Data excerpts:
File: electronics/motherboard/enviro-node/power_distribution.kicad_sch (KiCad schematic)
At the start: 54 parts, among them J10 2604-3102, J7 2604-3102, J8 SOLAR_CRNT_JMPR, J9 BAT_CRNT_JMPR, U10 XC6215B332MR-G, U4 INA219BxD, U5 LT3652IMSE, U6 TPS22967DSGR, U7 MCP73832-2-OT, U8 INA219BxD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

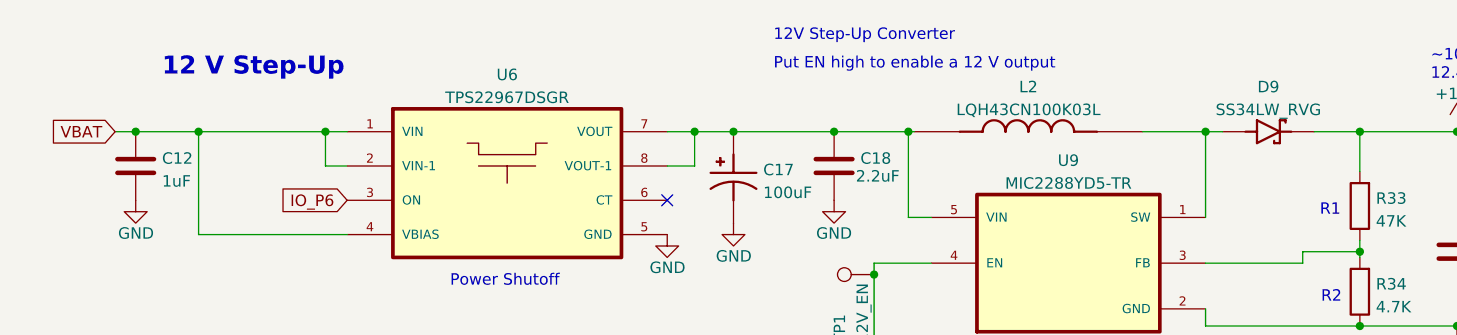
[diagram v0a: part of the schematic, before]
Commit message: fixed unexposed copper pad on inductor and added zipped step file of the motherboard
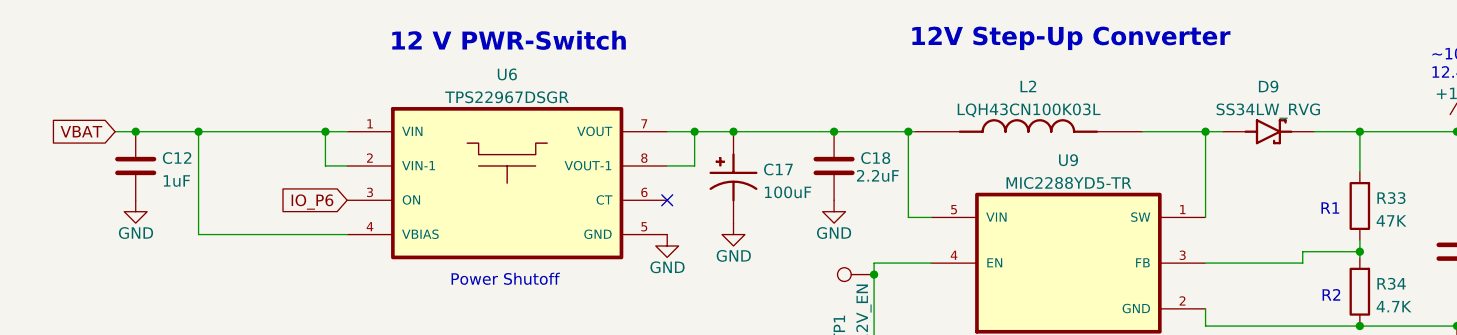
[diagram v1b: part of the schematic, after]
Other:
- note added: "12 V PWR-Switch"
- note removed: "12 V Step-Up"
- note removed: "Put EN high to enable a 12 V output"
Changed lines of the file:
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@@
     (effects (font (size 2 2) (thickness 0.4) bold) (justify left bottom))
   )
-  (text "12 V Step-Up" (at 226.314 54.61 0)
+  (text "12 V PWR-Switch\n" (at 251.587 51.943 0)
     (effects (font (size 2 2) (thickness 0.4) bold) (justify left bottom))
   )
@@
   )
   (text "Battery V & I\nMonitoring\nI2C = 0x45" (at 214.376 125.603 0)
-    (effects (font (size 1.27 1.27)) (justify left bottom))
-  )
-  (text "12V Step-Up Converter" (at 294.259 50.673 0)
     (effects (font (size 1.27 1.27)) (justify left bottom))
   )
@@
     (effects (font (size 1.27 1.27)) (justify right bottom))
   )
-  (text "Put EN high to enable a 12 V output" (at 294.259 53.848 0)
-    (effects (font (size 1.27 1.27)) (justify left bottom))
-  )
   (text "Vout = 1.24 x ((R1 / R2) + 1)\nVout = 12.4 V" (at 333.629 89.789 0)
     (effects (font (size 1.27 1.27)) (justify left bottom))
@@
     (effects (font (size 1.27 1.27)) (justify left bottom))
   )
+  (text "12V Step-Up Converter" (at 309.372 51.435 0)
+    (effects (font (size 2 2) (thickness 0.4) bold) (justify left bottom))
+  )
   (text "Solar Input" (at 48.26 150.368 0)

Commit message: updated electronics for production
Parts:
- R20, R24, R25: value 4.7K -> 2K
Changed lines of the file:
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@@
       (effects (font (size 1.27 1.27)) (justify left))
     )
-    (property "Value" "4.7K" (id 1) (at 76.454 171.8822 0)
+    (property "Value" "2K" (id 1) (at 76.454 171.8822 0)
       (effects (font (size 1.27 1.27)) (justify left))
     )
@@
     (in_bom yes) (on_board yes) (fields_autoplaced)
     (property "Reference" "R24" (id 0) (at 143.129 195.3092 90))
-    (property "Value" "4.7K" (id 1) (at 143.129 197.8461 90))
+    (property "Value" "2K" (id 1) (at 143.129 197.8461 90))
     (property "Footprint" "Resistor_SMD:R_0805_2012Metric" (id 2) (at 143.129 201.803 90)
       (effects (font (size 1.27 1.27)) hide)
@@
     (in_bom yes) (on_board yes) (fields_autoplaced)
     (property "Reference" "R25" (id 0) (at 143.383 207.1202 90))
-    (property "Value" "4.7K" (id 1) (at 143.383 209.6571 90))
+    (property "Value" "2K" (id 1) (at 143.383 209.6571 90))
     (property "Footprint" "Resistor_SMD:R_0805_2012Metric" (id 2) (at 143.383 213.614 90)
       (effects (font (size 1.27 1.27)) hide)

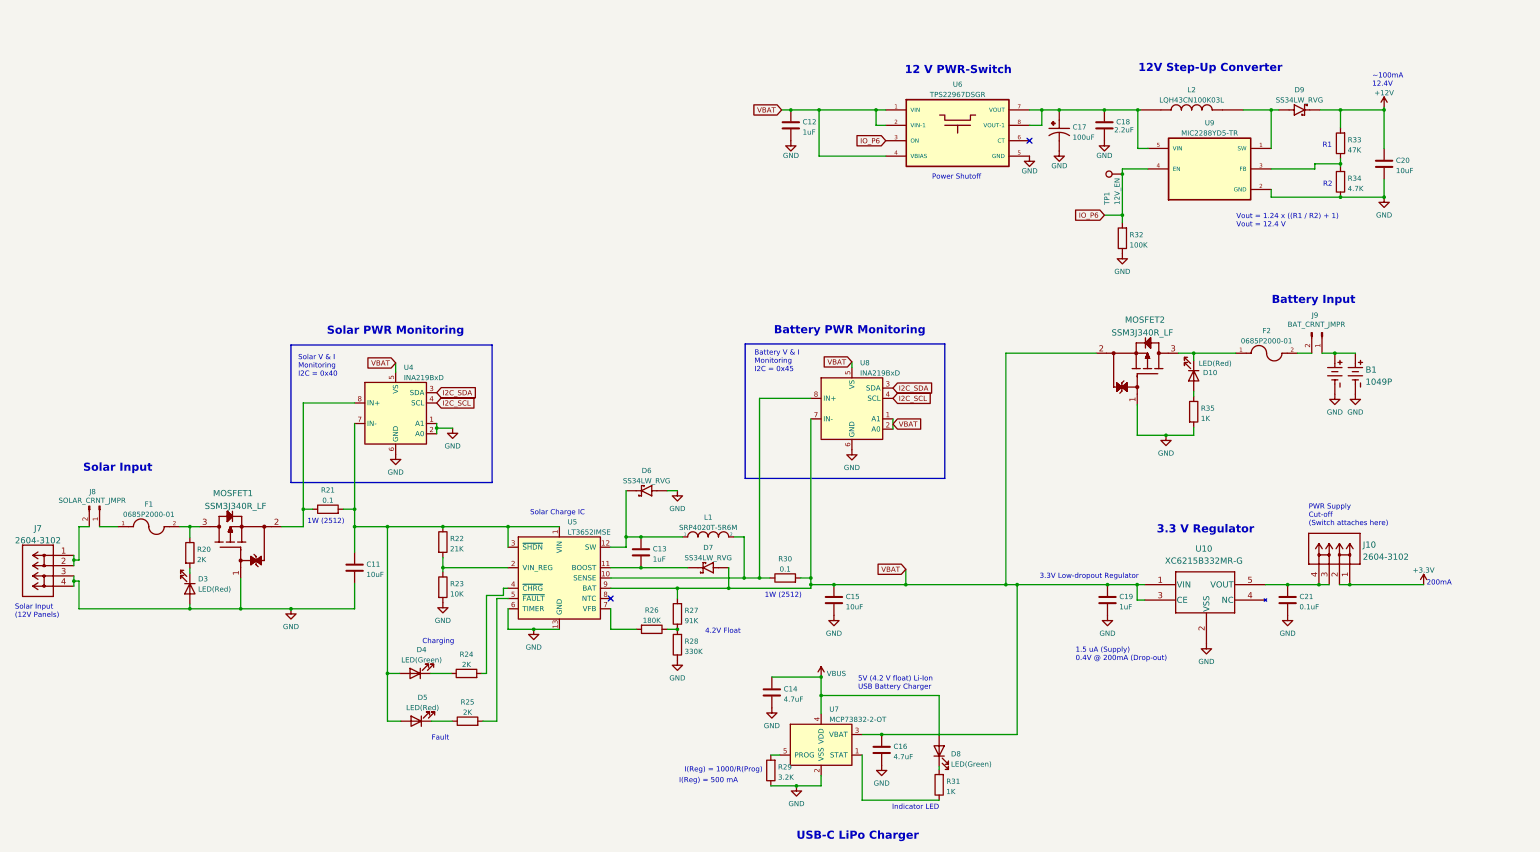
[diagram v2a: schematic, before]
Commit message: Fixed most errors on the 1.0.1 board revision, resolved ERC errors. No PCB work in this commit.
1. Added a solder jumper in-line with with the USB/UART bridge TX pin. If this jumper is
   broken then the RX pin on the UART header can be used. Note the TX/RX discrepancy here is
   not a typo.

2. Changed the USB/UART bridge power supply wiring so it will not try to power the board
   when a USB cable is plugged in. Batteries must be present.

3. The battery monitor VS/A0/A1 pins put back to +3.3v rather than VBAT so it can be read
   while the battery is being charged via the solar panel.

4. Moved the main 3.3v regulator to after the power switch so it is not running all the time.

5. Reverted the change that swapped the piezo buzzer and rain gauge input pins.

6. Noted that R42 and R43 should not be populated during manufacture.

7. Changed the part number for the USB-C LiPo charger to MCP73832T-2ACI/OT.

8. Resolved all KiCAD ERC errors on the schematics. These were all related to KiCAD not
   knowing where power was coming from or IC power pins not being correctly defined in
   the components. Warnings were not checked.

-- WHAT YOU ARE ASKED TO DO --
Give the entries again exactly. Pictures stay out.

-- TASK RESULT --
File: electronics/motherboard/enviro-node/power_distribution.kicad_sch (KiCad schematic)
At the start: 54 parts, among them J10 2604-3102, J7 2604-3102, J8 SOLAR_CRNT_JMPR, J9 BAT_CRNT_JMPR, U10 XC6215B332MR-G, U4 INA219BxD, U5 LT3652IMSE, U6 TPS22967DSGR, U7 MCP73832-2-OT, U8 INA219BxD

[diagram v0a: part of the schematic, before]
Commit message: fixed unexposed copper pad on inductor and added zipped step file of the motherboard
[diagram v1b: part of the schematic, after]
Other:
- note added: "12 V PWR-Switch"
- note removed: "12 V Step-Up"
- note removed: "Put EN high to enable a 12 V output"
Changed lines of the file:
@@
     (effects (font (size 2 2) (thickness 0.4) bold) (justify left bottom))
   )
-  (text "12 V Step-Up" (at 226.314 54.61 0)
+  (text "12 V PWR-Switch\n" (at 251.587 51.943 0)
     (effects (font (size 2 2) (thickness 0.4) bold) (justify left bottom))
   )
@@
   )
   (text "Battery V & I\nMonitoring\nI2C = 0x45" (at 214.376 125.603 0)
-    (effects (font (size 1.27 1.27)) (justify left bottom))
-  )
-  (text "12V Step-Up Converter" (at 294.259 50.673 0)
     (effects (font (size 1.27 1.27)) (justify left bottom))
   )
@@
     (effects (font (size 1.27 1.27)) (justify right bottom))
   )
-  (text "Put EN high to enable a 12 V output" (at 294.259 53.848 0)
-    (effects (font (size 1.27 1.27)) (justify left bottom))
-  )
   (text "Vout = 1.24 x ((R1 / R2) + 1)\nVout = 12.4 V" (at 333.629 89.789 0)
     (effects (font (size 1.27 1.27)) (justify left bottom))
@@
     (effects (font (size 1.27 1.27)) (justify left bottom))
   )
+  (text "12V Step-Up Converter" (at 309.372 51.435 0)
+    (effects (font (size 2 2) (thickness 0.4) bold) (justify left bottom))
+  )
   (text "Solar Input" (at 48.26 150.368 0)

Commit message: updated electronics for production
Parts:
- R20, R24, R25: value 4.7K -> 2K
Changed lines of the file:
@@
       (effects (font (size 1.27 1.27)) (justify left))
     )
-    (property "Value" "4.7K" (id 1) (at 76.454 171.8822 0)
+    (property "Value" "2K" (id 1) (at 76.454 171.8822 0)
       (effects (font (size 1.27 1.27)) (justify left))
     )
@@
     (in_bom yes) (on_board yes) (fields_autoplaced)
     (property "Reference" "R24" (id 0) (at 143.129 195.3092 90))
-    (property "Value" "4.7K" (id 1) (at 143.129 197.8461 90))
+    (property "Value" "2K" (id 1) (at 143.129 197.8461 90))
     (property "Footprint" "Resistor_SMD:R_0805_2012Metric" (id 2) (at 143.129 201.803 90)
       (effects (font (size 1.27 1.27)) hide)
@@
     (in_bom yes) (on_board yes) (fields_autoplaced)
     (property "Reference" "R25" (id 0) (at 143.383 207.1202 90))
-    (property "Value" "4.7K" (id 1) (at 143.383 209.6571 90))
+    (property "Value" "2K" (id 1) (at 143.383 209.6571 90))
     (property "Footprint" "Resistor_SMD:R_0805_2012Metric" (id 2) (at 143.383 213.614 90)
       (effects (font (size 1.27 1.27)) hide)

[diagram v2a: schematic, before]
Commit message: Fixed most errors on the 1.0.1 board revision, resolved ERC errors. No PCB work in this commit.
1. Added a solder jumper in-line with with the USB/UART bridge TX pin. If this jumper is
   broken then the RX pin on the UART header can be used. Note the TX/RX discrepancy here is
   not a typo.

2. Changed the USB/UART bridge power supply wiring so it will not try to power the board
   when a USB cable is plugged in. Batteries must be present.

3. The battery monitor VS/A0/A1 pins put back to +3.3v rather than VBAT so it can be read
   while the battery is being charged via the solar panel.

4. Moved the main 3.3v regulator to after the power switch so it is not running all the time.

5. Reverted the change that swapped the piezo buzzer and rain gauge input pins.

6. Noted that R42 and R43 should not be populated during manufacture.

7. Changed the part number for the USB-C LiPo charger to MCP73832T-2ACI/OT.

8. Resolved all KiCAD ERC errors on the schematics. These were all related to KiCAD not
   knowing where power was coming from or IC power pins not being correctly defined in
   the components. Warnings were not checked.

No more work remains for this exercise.